I’m writing this wordvomit on the new macbook, kind of to “break it in”. I don’t like that word. to christen it? yes, much better. A part of me is so worried– has always been worried, I think– about being someone who just acquires gear as a consumer. I remember as a teenage musician with very little money reading about “gear acquisition syndrome” or GAS, about how people would just buy all sorts of gear and then not even particularly use it. Buy games and not play them, buy books and not read them. I found that to be deeply distasteful, so much so that I think I overcorrected in the opposite direction and made a virtue out of living in scarcity. I wouldn’t say I’m a minimalist per se. I think an enlightened minimalist tries to make sure that everything they own is something that really matters to them. And a “addictive” minimalist tries to just get rid of as much stuff as possible – apparently Marie Kondo actually started out like this herself until she had a nervous breakdown, before she received a vision that set her on the path to “spark joy”.
I have a bunch of stuff.
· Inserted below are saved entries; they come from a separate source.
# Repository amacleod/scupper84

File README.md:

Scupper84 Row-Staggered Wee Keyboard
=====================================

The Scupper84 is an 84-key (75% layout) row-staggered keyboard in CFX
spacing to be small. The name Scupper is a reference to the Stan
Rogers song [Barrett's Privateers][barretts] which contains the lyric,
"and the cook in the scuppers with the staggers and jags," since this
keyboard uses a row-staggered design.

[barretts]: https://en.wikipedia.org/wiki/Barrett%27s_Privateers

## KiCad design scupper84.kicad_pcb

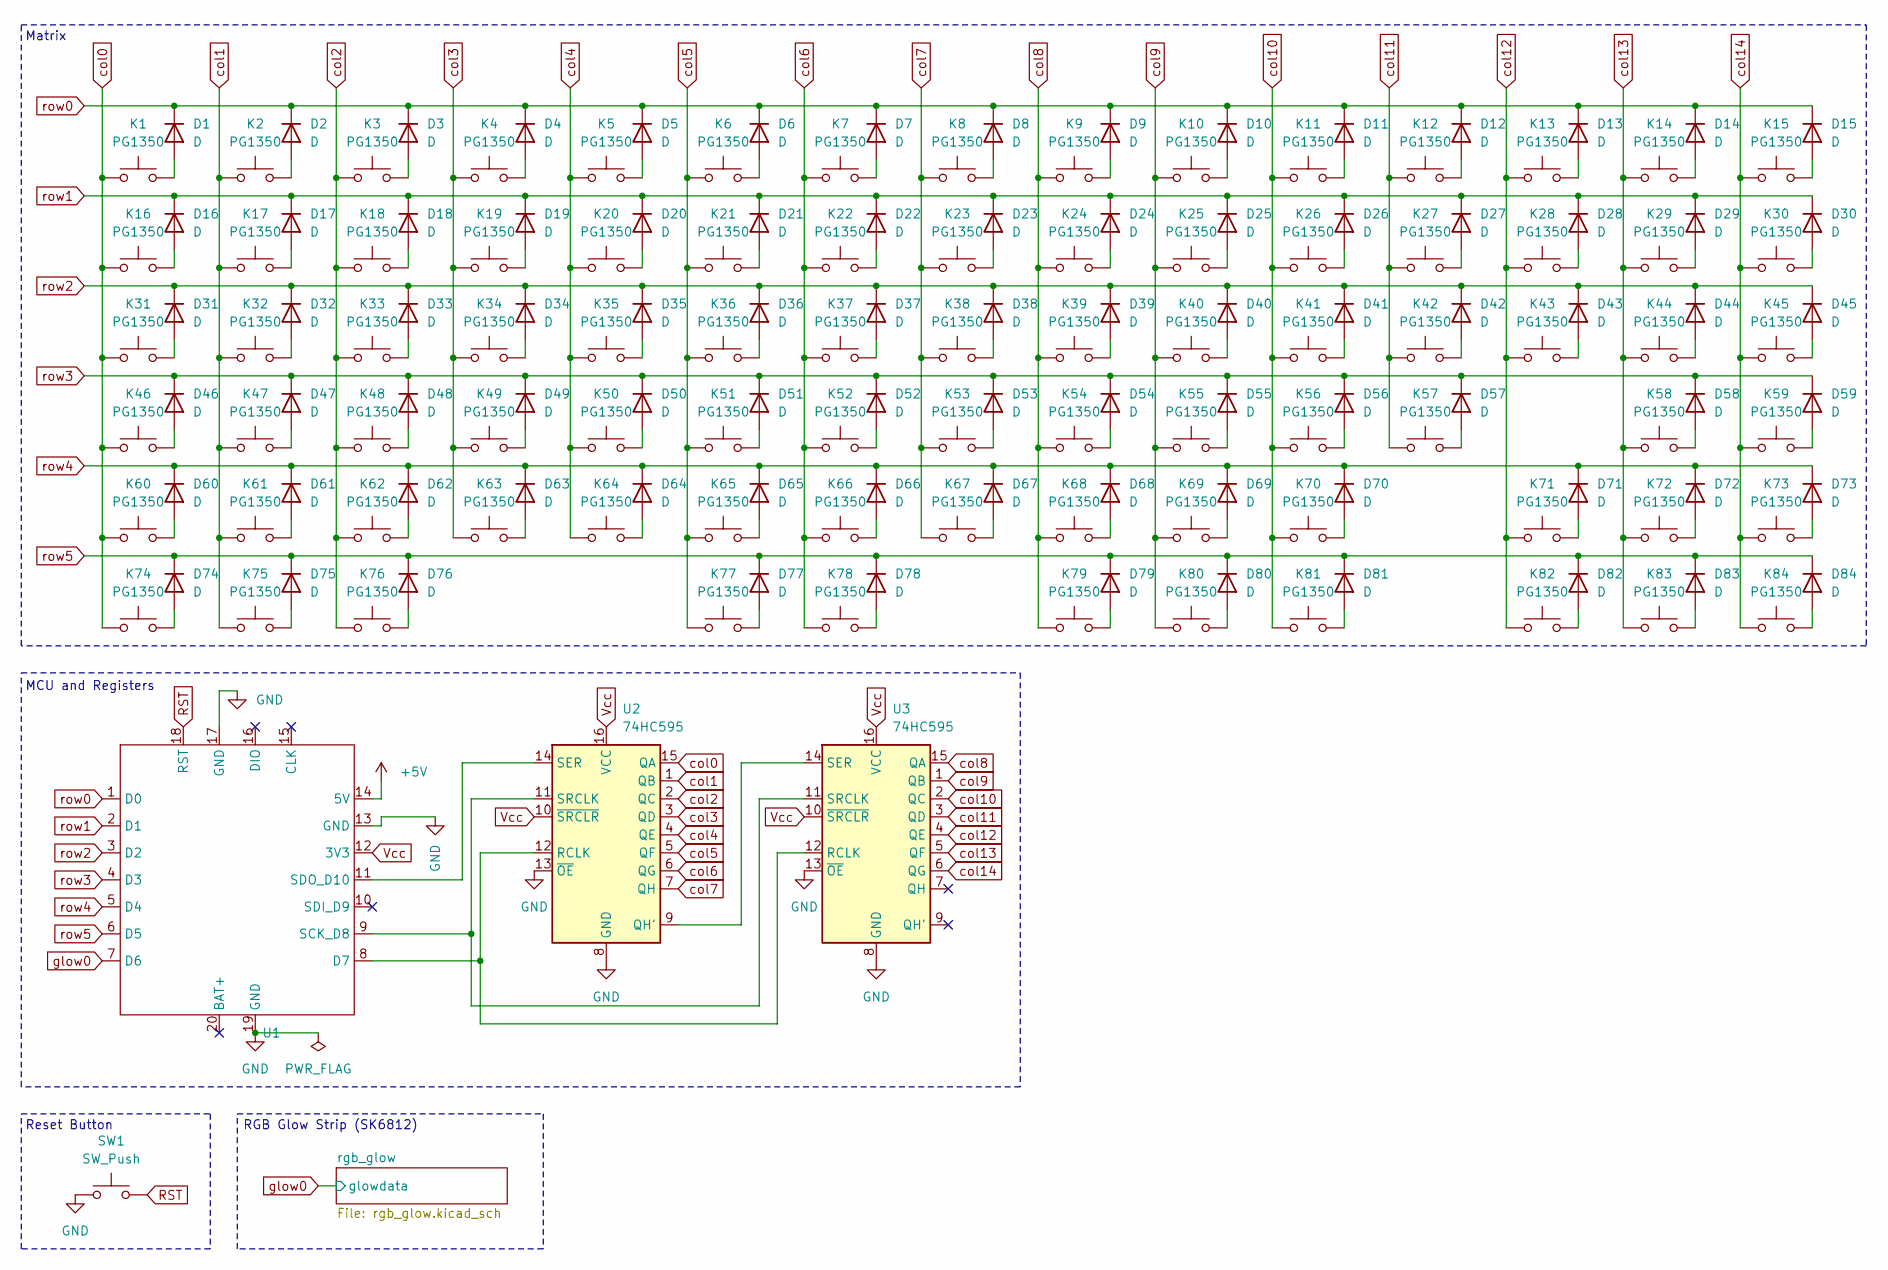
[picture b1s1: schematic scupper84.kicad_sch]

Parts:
D1, D2, D3, D4, D5, D6, D7, D8, D9, D10, D11, D12, D13, D14, D15, D16, D17, D18, D19, D20, D21, D22, D23, D24, D25, D26, D27, D28, D29, D30, D31, D32, D33, D34, D35, D36, D37, D38, D39, D40, D41, D42, D43, D44, D45, D46, D47, D48, D49, D50, D51, D52, D53, D54, D55, D56, D57, D58, D59, D60, D61, D62, D63, D64, D65, D66, D67, D68, D69, D70, D71, D72, D73, D74, D75, D76, D77, D78, D79, D80, D81, D82, D83, D84: D; D_SOD-123
K1, K2, K3, K4, K5, K6, K7, K8, K9, K10, K11, K12, K13, K14, K15, K16, K17, K18, K19, K20, K21, K22, K23, K24, K25, K26, K27, K28, K29, K30, K31, K32, K33, K34, K35, K36, K37, K38, K39, K40, K41, K42, K43, K44, K45, K46, K47, K48, K49, K50, K51, K52, K53, K54, K55, K56, K57, K58, K59, K60, K61, K62, K63, K64, K65, K66, K67, K68, K69, K70, K71, K72, K73, K74, K75, K76, K77, K78, K79, K80, K81, K82, K83, K84: PG1350; Socket_PG1350_Hotswap
SW1: SW_Push; SW_SPST_B3U-1000P
U1: XIAO RP2040 Castellated
U2, U3: 74HC595; SOIC-16_3.9x9.9mm_P1.27mm

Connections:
+5V: U1.14 (5V); also elsewhere on the board
GND: SW1.1, U1.13 (GND), U1.17 (GND), U1.19 (GND), U2.8 (GND), U2.13 (~OE), U3.8 (GND), U3.13 (~OE); also elsewhere on the board
unnamed: D1.2 (A), K1.2
unnamed: D2.2 (A), K2.2
unnamed: D3.2 (A), K3.2
unnamed: D4.2 (A), K4.2
unnamed: D5.2 (A), K5.2
unnamed: D6.2 (A), K6.2
unnamed: D7.2 (A), K7.2
unnamed: D8.2 (A), K8.2
unnamed: D9.2 (A), K9.2
unnamed: D10.2 (A), K10.2
unnamed: D11.2 (A), K11.2
unnamed: D12.2 (A), K12.2
unnamed: D13.2 (A), K13.2
unnamed: D14.2 (A), K14.2
unnamed: D15.2 (A), K15.2
unnamed: D16.2 (A), K16.2
unnamed: D17.2 (A), K17.2
unnamed: D18.2 (A), K18.2
unnamed: D19.2 (A), K19.2
unnamed: D20.2 (A), K20.2
unnamed: D21.2 (A), K21.2
unnamed: D22.2 (A), K22.2
unnamed: D23.2 (A), K23.2
unnamed: D24.2 (A), K24.2
unnamed: D25.2 (A), K25.2
unnamed: D26.2 (A), K26.2
unnamed: D27.2 (A), K27.2
unnamed: D28.2 (A), K28.2
unnamed: D29.2 (A), K29.2
unnamed: D30.2 (A), K30.2
unnamed: D31.2 (A), K31.2
unnamed: D32.2 (A), K32.2
unnamed: D33.2 (A), K33.2
unnamed: D34.2 (A), K34.2
unnamed: D35.2 (A), K35.2
unnamed: D36.2 (A), K36.2
unnamed: D37.2 (A), K37.2
unnamed: D38.2 (A), K38.2
unnamed: D39.2 (A), K39.2
unnamed: D40.2 (A), K40.2
unnamed: D41.2 (A), K41.2
unnamed: D42.2 (A), K42.2
unnamed: D43.2 (A), K43.2
unnamed: D44.2 (A), K44.2
unnamed: D45.2 (A), K45.2
unnamed: D46.2 (A), K46.2
unnamed: D47.2 (A), K47.2
unnamed: D48.2 (A), K48.2
unnamed: D49.2 (A), K49.2
unnamed: D50.2 (A), K50.2
unnamed: D51.2 (A), K51.2
unnamed: D52.2 (A), K52.2
unnamed: D53.2 (A), K53.2
unnamed: D54.2 (A), K54.2
unnamed: D55.2 (A), K55.2
unnamed: D56.2 (A), K56.2
unnamed: D57.2 (A), K57.2
unnamed: D58.2 (A), K58.2
unnamed: D59.2 (A), K59.2
unnamed: D60.2 (A), K60.2
unnamed: D61.2 (A), K61.2
unnamed: D62.2 (A), K62.2
unnamed: D63.2 (A), K63.2
unnamed: D64.2 (A), K64.2
unnamed: D65.2 (A), K65.2
unnamed: D66.2 (A), K66.2
unnamed: D67.2 (A), K67.2
unnamed: D68.2 (A), K68.2
unnamed: D69.2 (A), K69.2
unnamed: D70.2 (A), K70.2
unnamed: D71.2 (A), K71.2
unnamed: D72.2 (A), K72.2
unnamed: D73.2 (A), K73.2
unnamed: D74.2 (A), K74.2
unnamed: D75.2 (A), K75.2
unnamed: D76.2 (A), K76.2
unnamed: D77.2 (A), K77.2
unnamed: D78.2 (A), K78.2
unnamed: D79.2 (A), K79.2
unnamed: D80.2 (A), K80.2
unnamed: D81.2 (A), K81.2
unnamed: D82.2 (A), K82.2
unnamed: D83.2 (A), K83.2
unnamed: D84.2 (A), K84.2
unnamed: U1.8 (D7), U2.12 (RCLK), U3.12 (RCLK)
unnamed: U1.9 (SCK_D8), U2.11 (SRCLK), U3.11 (SRCLK)
unnamed: U1.11 (SDO_D10), U2.14 (SER)
unnamed: U2.9 (QH'), U3.14 (SER)
RST: SW1.2, U1.18 (RST)
Vcc: U1.12 (3V3), U2.10 (~SRCLR), U2.16 (VCC), U3.10 (~SRCLR), U3.16 (VCC)
col0: K1.1, K16.1, K31.1, K46.1, K60.1, K74.1, U2.15 (QA)
col1: K2.1, K17.1, K32.1, K47.1, K61.1, K75.1, U2.1 (QB)
col2: K3.1, K18.1, K33.1, K48.1, K62.1, K76.1, U2.2 (QC)
col3: K4.1, K19.1, K34.1, K49.1, K63.1, U2.3 (QD)
col4: K5.1, K20.1, K35.1, K50.1, K64.1, U2.4 (QE)
col5: K6.1, K21.1, K36.1, K51.1, K65.1, K77.1, U2.5 (QF)
col6: K7.1, K22.1, K37.1, K52.1, K66.1, K78.1, U2.6 (QG)
col7: K8.1, K23.1, K38.1, K53.1, K67.1, U2.7 (QH)
col8: K9.1, K24.1, K39.1, K54.1, K68.1, K79.1, U3.15 (QA)
col9: K10.1, K25.1, K40.1, K55.1, K69.1, K80.1, U3.1 (QB)
col10: K11.1, K26.1, K41.1, K56.1, K70.1, K81.1, U3.2 (QC)
col11: K12.1, K27.1, K42.1, K57.1, U3.3 (QD)
col12: K13.1, K28.1, K43.1, K71.1, K82.1, U3.4 (QE)
col13: K14.1, K29.1, K44.1, K58.1, K72.1, K83.1, U3.5 (QF)
col14: K15.1, K30.1, K45.1, K59.1, K73.1, K84.1, U3.6 (QG)
glow0: U1.7 (D6); also elsewhere on the board
row0: D1.1 (K), D2.1 (K), D3.1 (K), D4.1 (K), D5.1 (K), D6.1 (K), D7.1 (K), D8.1 (K), D9.1 (K), D10.1 (K), D11.1 (K), D12.1 (K), D13.1 (K), D14.1 (K), D15.1 (K), U1.1 (D0)
row1: D16.1 (K), D17.1 (K), D18.1 (K), D19.1 (K), D20.1 (K), D21.1 (K), D22.1 (K), D23.1 (K), D24.1 (K), D25.1 (K), D26.1 (K), D27.1 (K), D28.1 (K), D29.1 (K), D30.1 (K), U1.2 (D1)
row2: D31.1 (K), D32.1 (K), D33.1 (K), D34.1 (K), D35.1 (K), D36.1 (K), D37.1 (K), D38.1 (K), D39.1 (K), D40.1 (K), D41.1 (K), D42.1 (K), D43.1 (K), D44.1 (K), D45.1 (K), U1.3 (D2)
row3: D46.1 (K), D47.1 (K), D48.1 (K), D49.1 (K), D50.1 (K), D51.1 (K), D52.1 (K), D53.1 (K), D54.1 (K), D55.1 (K), D56.1 (K), D57.1 (K), D58.1 (K), D59.1 (K), U1.4 (D3)
row4: D60.1 (K), D61.1 (K), D62.1 (K), D63.1 (K), D64.1 (K), D65.1 (K), D66.1 (K), D67.1 (K), D68.1 (K), D69.1 (K), D70.1 (K), D71.1 (K), D72.1 (K), D73.1 (K), U1.5 (D4)
row5: D74.1 (K), D75.1 (K), D76.1 (K), D77.1 (K), D78.1 (K), D79.1 (K), D80.1 (K), D81.1 (K), D82.1 (K), D83.1 (K), D84.1 (K), U1.6 (D5)

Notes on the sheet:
RGB Glow Strip (SK6812)
Reset Button
MCU and Registers
Matrix

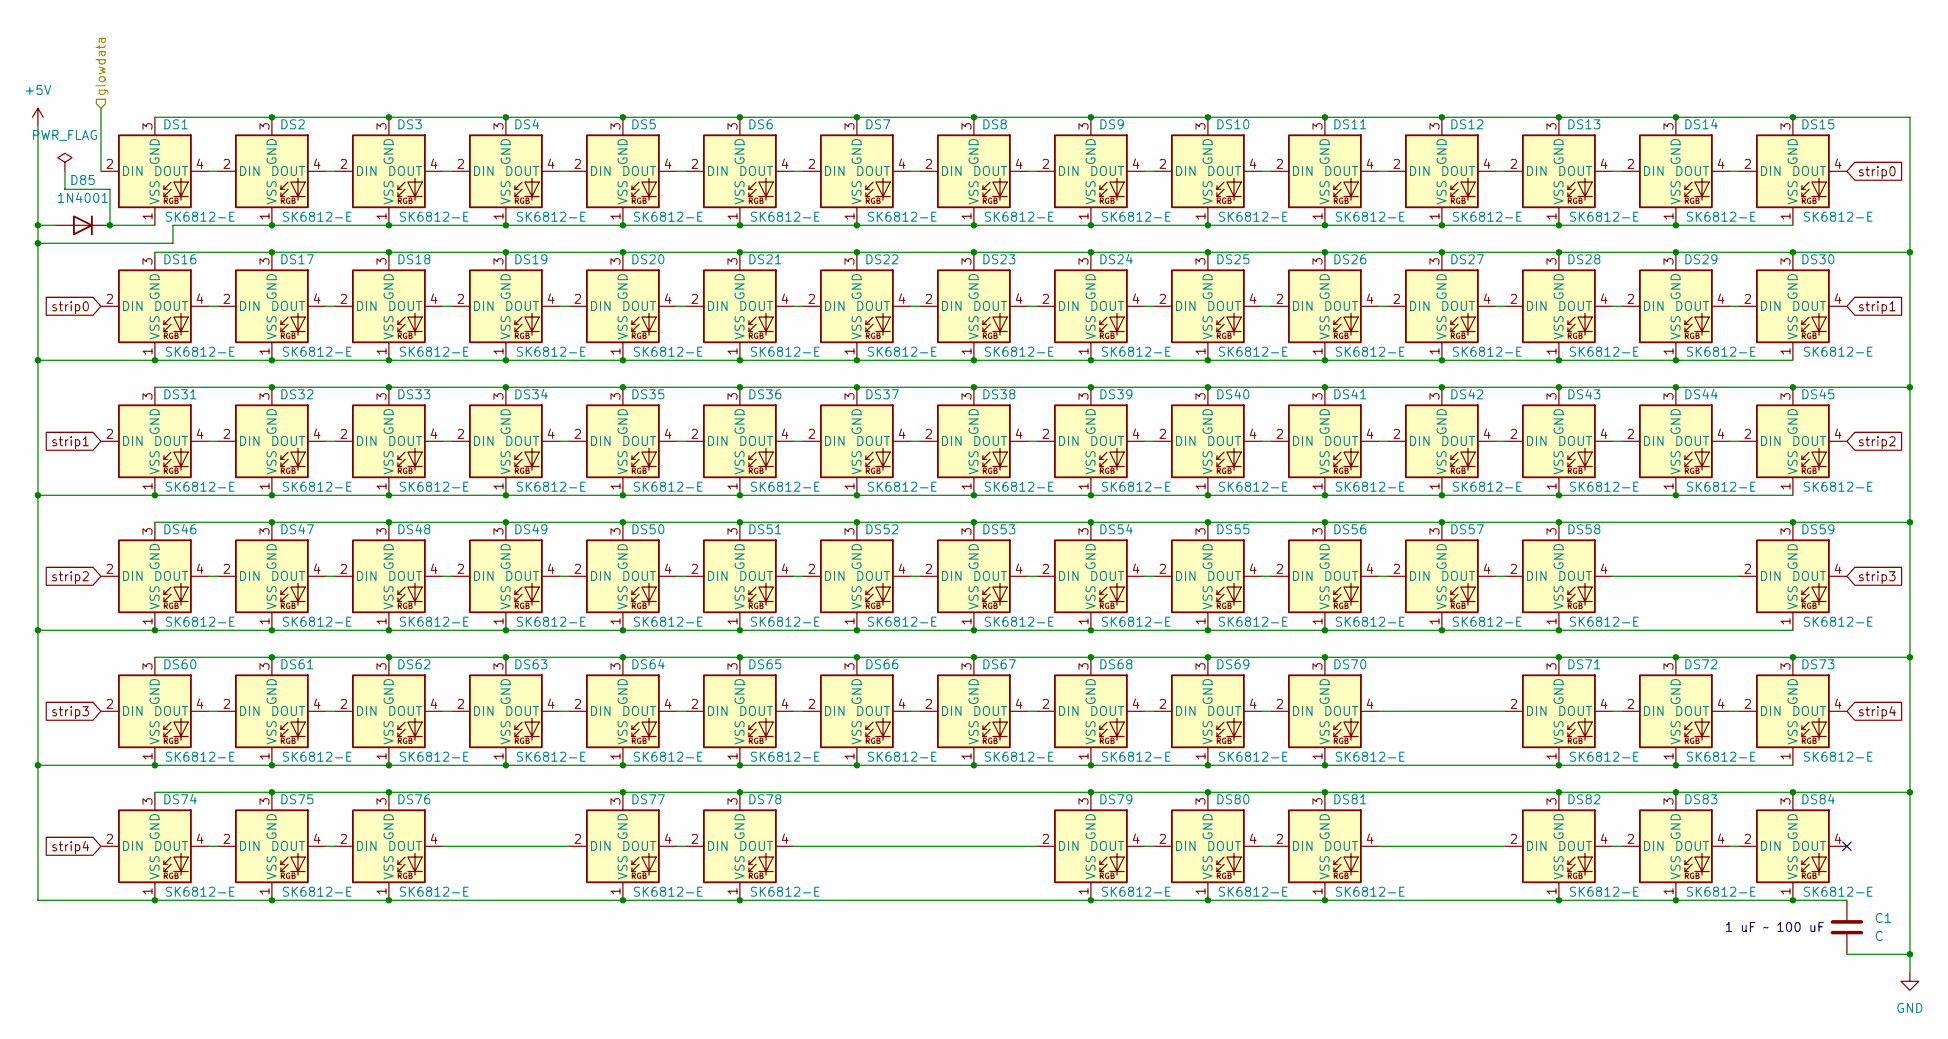
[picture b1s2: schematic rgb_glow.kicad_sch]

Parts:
C1: C; C_1206_3216Metric_Pad1.33x1.80mm_HandSolder
D85: 1N4001; D_DO-41_SOD81_P10.16mm_Horizontal
DS1, DS2, DS3, DS4, DS5, DS6, DS7, DS8, DS9, DS10, DS11, DS12, DS13, DS14, DS15, DS16, DS17, DS18, DS19, DS20, DS21, DS22, DS23, DS24, DS25, DS26, DS27, DS28, DS29, DS30, DS31, DS32, DS33, DS34, DS35, DS36, DS37, DS38, DS39, DS40, DS41, DS42, DS43, DS44, DS45, DS46, DS47, DS48, DS49, DS50, DS51, DS52, DS53, DS54, DS55, DS56, DS57, DS58, DS59, DS60, DS61, DS62, DS63, DS64, DS65, DS66, DS67, DS68, DS69, DS70, DS71, DS72, DS73, DS74, DS75, DS76, DS77, DS78, DS79, DS80, DS81, DS82, DS83, DS84: SK6812-E; LED_RGB_SK6812Mini-E

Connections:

I don’t go out of my way to get stuff, but when stuff comes my way I pretty much just grab it. And… it’s hard to talk openly about all my stuff, because my stuff is also my wife’s stuff, and as my audience grows it gets harder to talk about myself. I have a few options here. I could just not talk about it. That’s not very fun. I could write about it privately first, and then share it with my wife and ask her if she’d be ok with me sharing it. Some part of me flinches at the thought of this, but actually from conversations with my wife I do believe that she’d be very open to having such conversations with me. So it’s like… I’m limiting myself internally, psychologically…
I think this is a common theme in my life across several dimensions. When I finally published a substack essay yesterday after about a month and a half, I found myself thinking about how… wow i lost my train of thought there. one of the things i was thinking about the substack essay is that it could’ve been diagrammed better. I think that’s the simplest way of thinking about it. “Are you serious” was an essay that I ended up diagramming, and I don’t think it’s a coincidence that people agree it’s possibly my best essay, and that it’s the most popular of all the essays on my substack. so why don’t i diagram my essays more? idk… i’m tired? I may have been doing a lot of aversion and avoidance to avoid the idea that i need something like a vacation maybe. But no I think… what I need is not rest, but dynamic movement. I’m tense and tight and knotted and I need to unknot myself. that does mean doing a bunch of deleting.
deleting blogposts: I felt a big relief from deleting loads of blogposts yesterday, and I feel like I learned some things about what my blog used to be, and how I used to think… I’ve been frustrated and annoyed with my blog for a very long time, and I’ve never really sat down— wait, that’s not true, I have sat down on multiple occasions. I was gonna say, I’ve never “really” sat down to “process” it, to make sense of it all, to feel out what I’m really trying to do with it, what the goals are, and so on. It’s sort of a vague confusing mess that I feel bad about. But I can’t delete it because I deeply regret the last time I deleted a bunch of blogposts. But- well. Where does my blog fit now in relation to my substack? and my twitter? and my youtube? I have so many things going on. What is the proper gestalt of all the things? What are the synchronicities?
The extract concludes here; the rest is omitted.